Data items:
* * * * * * * * *

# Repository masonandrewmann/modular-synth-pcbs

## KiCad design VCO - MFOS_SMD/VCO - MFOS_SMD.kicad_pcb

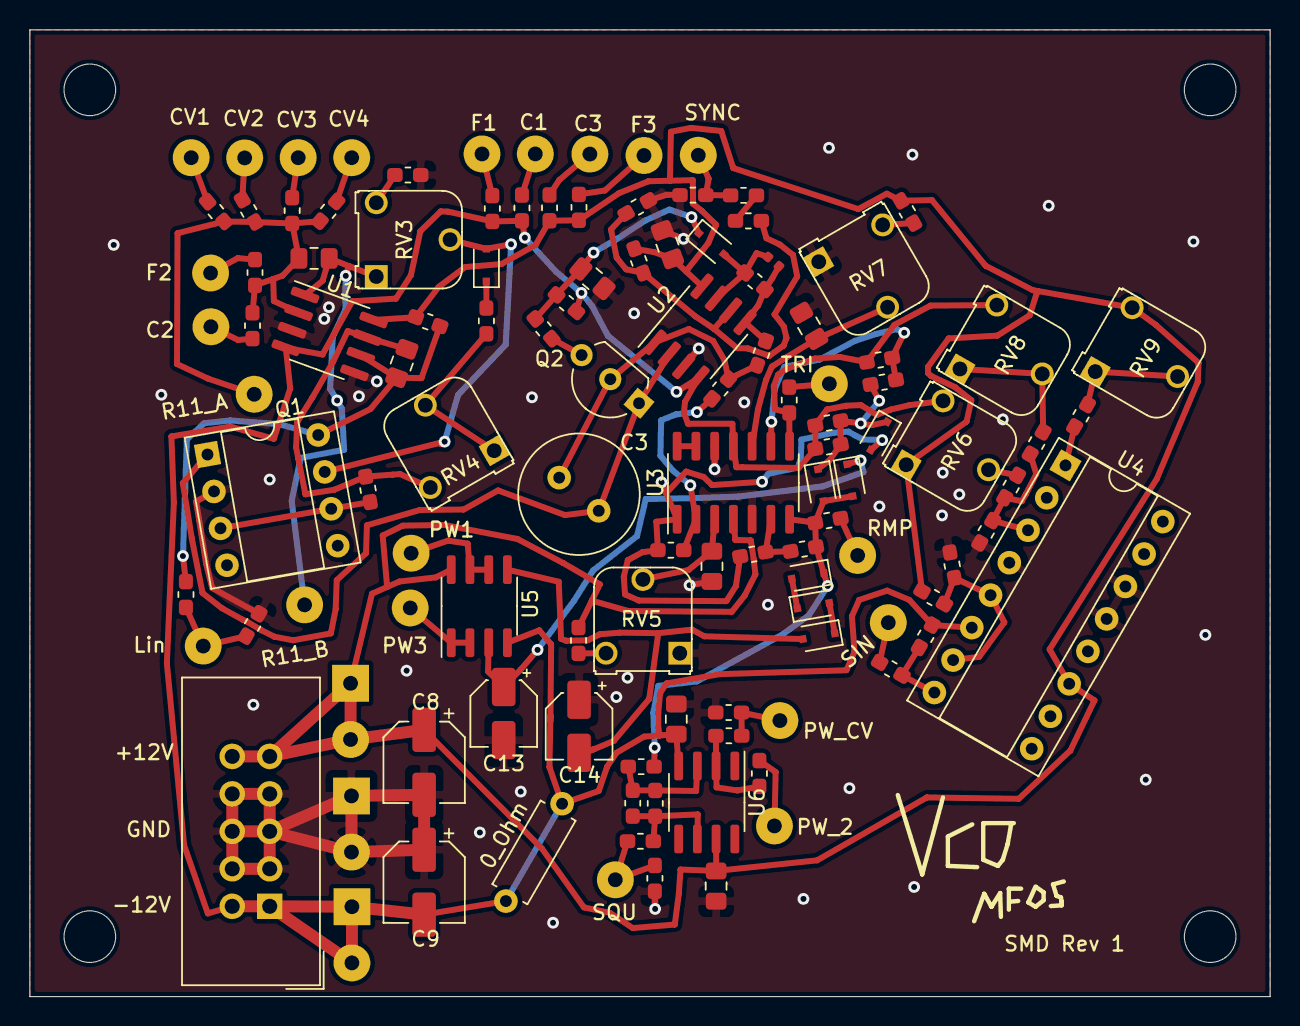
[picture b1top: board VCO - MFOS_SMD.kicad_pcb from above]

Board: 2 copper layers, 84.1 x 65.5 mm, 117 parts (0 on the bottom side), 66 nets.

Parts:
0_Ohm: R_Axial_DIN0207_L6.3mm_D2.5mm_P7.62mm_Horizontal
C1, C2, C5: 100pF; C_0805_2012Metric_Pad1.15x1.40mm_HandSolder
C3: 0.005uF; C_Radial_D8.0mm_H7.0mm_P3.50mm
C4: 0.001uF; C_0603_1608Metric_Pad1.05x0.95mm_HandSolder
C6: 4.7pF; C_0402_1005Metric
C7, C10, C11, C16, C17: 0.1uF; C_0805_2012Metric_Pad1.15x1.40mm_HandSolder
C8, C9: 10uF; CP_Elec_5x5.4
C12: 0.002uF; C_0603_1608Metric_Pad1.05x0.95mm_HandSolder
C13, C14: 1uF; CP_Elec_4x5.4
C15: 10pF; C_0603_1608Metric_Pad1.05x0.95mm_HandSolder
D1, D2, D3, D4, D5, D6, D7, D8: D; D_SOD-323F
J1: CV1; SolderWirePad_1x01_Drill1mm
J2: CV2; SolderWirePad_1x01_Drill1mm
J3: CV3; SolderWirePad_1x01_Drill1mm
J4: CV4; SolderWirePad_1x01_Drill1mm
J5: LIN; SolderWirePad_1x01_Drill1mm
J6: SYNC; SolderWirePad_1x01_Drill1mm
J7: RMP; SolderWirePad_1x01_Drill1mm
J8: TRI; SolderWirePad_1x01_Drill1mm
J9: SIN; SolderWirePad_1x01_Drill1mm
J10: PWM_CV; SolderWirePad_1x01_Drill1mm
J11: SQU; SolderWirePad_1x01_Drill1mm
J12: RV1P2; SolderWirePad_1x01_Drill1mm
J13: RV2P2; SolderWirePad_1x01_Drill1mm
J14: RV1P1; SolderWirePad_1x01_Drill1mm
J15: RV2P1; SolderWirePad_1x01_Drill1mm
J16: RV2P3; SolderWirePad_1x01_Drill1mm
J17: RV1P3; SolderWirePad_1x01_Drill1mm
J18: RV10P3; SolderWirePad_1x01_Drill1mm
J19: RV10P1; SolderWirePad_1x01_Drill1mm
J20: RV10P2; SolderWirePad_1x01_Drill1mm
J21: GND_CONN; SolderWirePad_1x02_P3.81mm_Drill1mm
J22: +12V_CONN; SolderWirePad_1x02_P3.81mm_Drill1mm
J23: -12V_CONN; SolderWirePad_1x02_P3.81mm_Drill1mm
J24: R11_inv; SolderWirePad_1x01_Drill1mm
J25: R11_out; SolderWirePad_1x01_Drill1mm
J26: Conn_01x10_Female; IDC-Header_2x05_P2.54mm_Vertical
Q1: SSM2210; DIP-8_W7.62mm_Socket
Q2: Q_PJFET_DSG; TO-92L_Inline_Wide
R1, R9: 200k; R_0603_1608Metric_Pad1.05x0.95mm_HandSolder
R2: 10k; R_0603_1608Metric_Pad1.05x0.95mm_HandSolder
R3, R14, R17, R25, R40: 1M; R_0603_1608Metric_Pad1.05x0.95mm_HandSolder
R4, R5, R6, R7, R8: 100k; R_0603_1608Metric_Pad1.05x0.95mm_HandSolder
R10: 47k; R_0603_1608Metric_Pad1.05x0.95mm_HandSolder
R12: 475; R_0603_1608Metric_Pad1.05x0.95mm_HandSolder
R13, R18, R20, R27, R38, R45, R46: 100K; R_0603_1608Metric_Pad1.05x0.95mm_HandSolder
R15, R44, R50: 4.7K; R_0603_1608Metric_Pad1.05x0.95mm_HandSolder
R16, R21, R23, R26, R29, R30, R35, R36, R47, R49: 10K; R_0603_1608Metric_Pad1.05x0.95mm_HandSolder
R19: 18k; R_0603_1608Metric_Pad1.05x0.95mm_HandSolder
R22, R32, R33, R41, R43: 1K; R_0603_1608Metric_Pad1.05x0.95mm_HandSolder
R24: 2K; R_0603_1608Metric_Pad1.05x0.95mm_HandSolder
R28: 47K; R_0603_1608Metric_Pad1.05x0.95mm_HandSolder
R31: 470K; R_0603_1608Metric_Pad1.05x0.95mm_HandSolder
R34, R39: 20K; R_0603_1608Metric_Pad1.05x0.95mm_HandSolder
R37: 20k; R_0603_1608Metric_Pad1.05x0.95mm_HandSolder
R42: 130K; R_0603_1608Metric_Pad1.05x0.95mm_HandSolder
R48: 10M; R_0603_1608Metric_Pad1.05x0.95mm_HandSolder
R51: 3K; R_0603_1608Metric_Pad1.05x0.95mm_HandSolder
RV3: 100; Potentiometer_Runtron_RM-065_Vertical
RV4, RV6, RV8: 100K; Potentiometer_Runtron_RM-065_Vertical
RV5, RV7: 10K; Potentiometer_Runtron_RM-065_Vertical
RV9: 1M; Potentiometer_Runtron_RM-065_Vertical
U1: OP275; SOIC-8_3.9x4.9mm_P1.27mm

* * * * * * * * *

WORK ITEM: All lines from the start of the entries through the one with "J6: SYNC; SolderWirePad_1x01_Drill1mm" are to be output exactly; omit the pictures.

ANSWER TO THE PROBLEM:
# Repository masonandrewmann/modular-synth-pcbs

## KiCad design VCO - MFOS_SMD/VCO - MFOS_SMD.kicad_pcb

[picture b1top: board VCO - MFOS_SMD.kicad_pcb from above]

Board: 2 copper layers, 84.1 x 65.5 mm, 117 parts (0 on the bottom side), 66 nets.

Parts:
0_Ohm: R_Axial_DIN0207_L6.3mm_D2.5mm_P7.62mm_Horizontal
C1, C2, C5: 100pF; C_0805_2012Metric_Pad1.15x1.40mm_HandSolder
C3: 0.005uF; C_Radial_D8.0mm_H7.0mm_P3.50mm
C4: 0.001uF; C_0603_1608Metric_Pad1.05x0.95mm_HandSolder
C6: 4.7pF; C_0402_1005Metric
C7, C10, C11, C16, C17: 0.1uF; C_0805_2012Metric_Pad1.15x1.40mm_HandSolder
C8, C9: 10uF; CP_Elec_5x5.4
C12: 0.002uF; C_0603_1608Metric_Pad1.05x0.95mm_HandSolder
C13, C14: 1uF; CP_Elec_4x5.4
C15: 10pF; C_0603_1608Metric_Pad1.05x0.95mm_HandSolder
D1, D2, D3, D4, D5, D6, D7, D8: D; D_SOD-323F
J1: CV1; SolderWirePad_1x01_Drill1mm
J2: CV2; SolderWirePad_1x01_Drill1mm
J3: CV3; SolderWirePad_1x01_Drill1mm
J4: CV4; SolderWirePad_1x01_Drill1mm
J5: LIN; SolderWirePad_1x01_Drill1mm
J6: SYNC; SolderWirePad_1x01_Drill1mm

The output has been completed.